I propose the creation of a fake news data evaluation framework. That framework can perform topic modeling and stylometric analysis to detect unbalanced datasets. A dataset with many data points that also gets a large score at this evaluation will better generalize in real-world (unseen) data.
A more Pragmatic Approach
There is a reason why Fake News is so easy to spread. Because it is so close to the “Real” News. Because news (as Fake News does) usually tries to exploit the sentiment of the reader. Provide her with enough negativity and lack of perspective, so that she will be in a constant loop of receiving updates, and give purpose to the papers. The burning issue is not fake news. It’s the news itself.
Fake news is usually a symptom of a deeper pathogen. It’s true that fake news is causing confusion. However, people who are confused end up embracing the fake news.
And this confusion is caused by the lack of transparency, by political inconsistencies, by the lies that are spread and the anger rising on the people’s heart.
Instead of using Artificial Intelligence just to find the “fake stories”, let’s use these tools to understand the underlying societal issues and the malfunctions of the news ecosystem.
References
- Natalie Nougayr’ede.

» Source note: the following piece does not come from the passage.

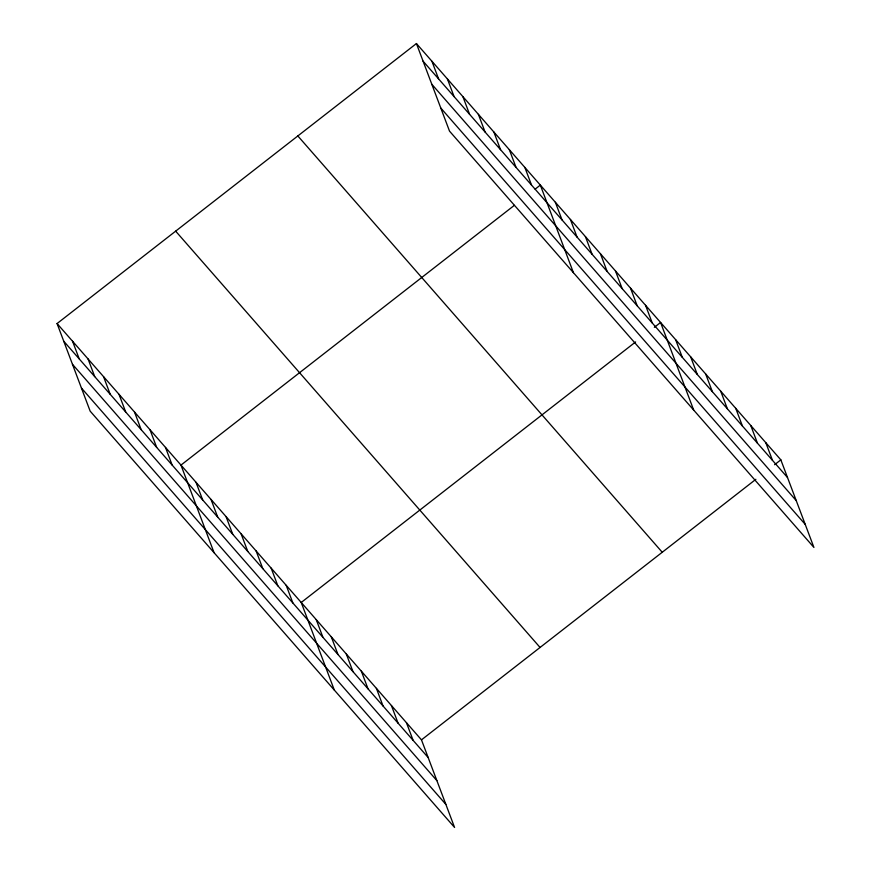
<?xml version="1.0" encoding="UTF-8"?>
<svg xmlns="http://www.w3.org/2000/svg" width="871" height="871" viewBox="0 0 871 871"><rect width="100%" height="100%" fill="white"/><g stroke="black" fill="none" stroke-linecap="round" stroke-linejoin="round"><path stroke-width="1.31" d="M57.072 323.555L421.477 739.86L454.575 827.45L90.159 411.145L57.072 323.555L416.425 43.55L780.841 459.855L813.928 547.445L449.523 131.14L416.425 43.55M514.326 205.36L180.961 465.103L214.059 552.682M535.132 189.149L540.325 185.098L573.423 272.677M635.612 341.933L301.224 602.482L334.312 690.072M654.339 327.344L660.577 322.477L693.675 410.067M421.477 739.86L755.865 479.311M774.591 464.722L780.841 459.855M423.099 61.21L787.504 477.515M431.82 84.28L796.225 500.596M440.802 108.058L805.207 524.364M297.838 135.952L662.243 552.258M175.659 231.153L540.064 647.458M63.735 341.214L428.14 757.52M72.456 364.285L436.861 780.59M81.449 388.063L445.854 804.369M765.805 442.686L772.479 460.345M750.769 425.516L757.443 443.165M735.745 408.336L742.408 425.995M720.709 391.166L727.383 408.826M705.673 373.997L712.347 391.645M690.649 356.827L697.312 374.476M675.613 339.646L682.287 357.306M645.553 305.307L652.227 322.956M630.517 288.127L637.191 305.786M615.481 270.957L622.155 288.617M600.457 253.788L607.131 271.436M585.421 236.618L592.095 254.267M570.396 219.438L577.059 237.097M555.36 202.268L562.035 219.928M524.843 167.406L531.517 185.055M509.35 149.703L516.024 167.363M493.868 132.011L500.542 149.67M478.375 114.319L485.049 131.978M462.893 96.627L469.567 114.286M447.4 78.934L454.074 96.594M431.918 61.242L438.592 78.902M406.441 722.69L413.115 740.35M391.406 705.521L398.08 723.17M376.381 688.34L383.044 706M361.345 671.171L368.019 688.83M346.31 654.001L352.984 671.65M331.285 636.821L337.959 654.48M316.249 619.651L322.923 637.311M286.189 585.312L292.863 602.961M271.153 568.132L277.827 585.791M256.128 550.962L262.792 568.621M241.093 533.792L247.767 551.441M226.057 516.612L232.731 534.271M211.032 499.442L217.696 517.102M195.997 482.273L202.671 499.932M165.479 447.411L172.153 465.06M149.986 429.708L156.66 447.367M134.504 412.016L141.178 429.675M119.011 394.323L125.685 411.983M103.529 376.631L110.203 394.291M88.047 358.939L94.71 376.599M72.554 341.247L79.228 358.906"/></g></svg>

In this age of propaganda, we must defend ourselves. here’s how — Natalie nougayr’ede, Jan 2018.
- A short guide to the history of ’fake news’ and disinformation, Jul 2018.
- Miriam Fernandez and Harith Alani. Online misinformation: Challenges and future directions.
- Fake news and cyber propaganda: The use and abuse of social media.
- Soroush Vosoughi, Deb Roy, and Sinan Aral. The spread of true and false news online. Science, 359(6380):1146–1151, 2018.
- Yochai Benkler, Robert Faris, and Hal Roberts. Network propaganda: Manipulation, disinformation, and radicalization in American politics. Oxford University Press, 2018
- Fatemeh Torabi Asr and Maite Taboada. Big data and quality data for fake news and misinformation detection. Big Data & Society, 6(1):2053951719843310, 2019.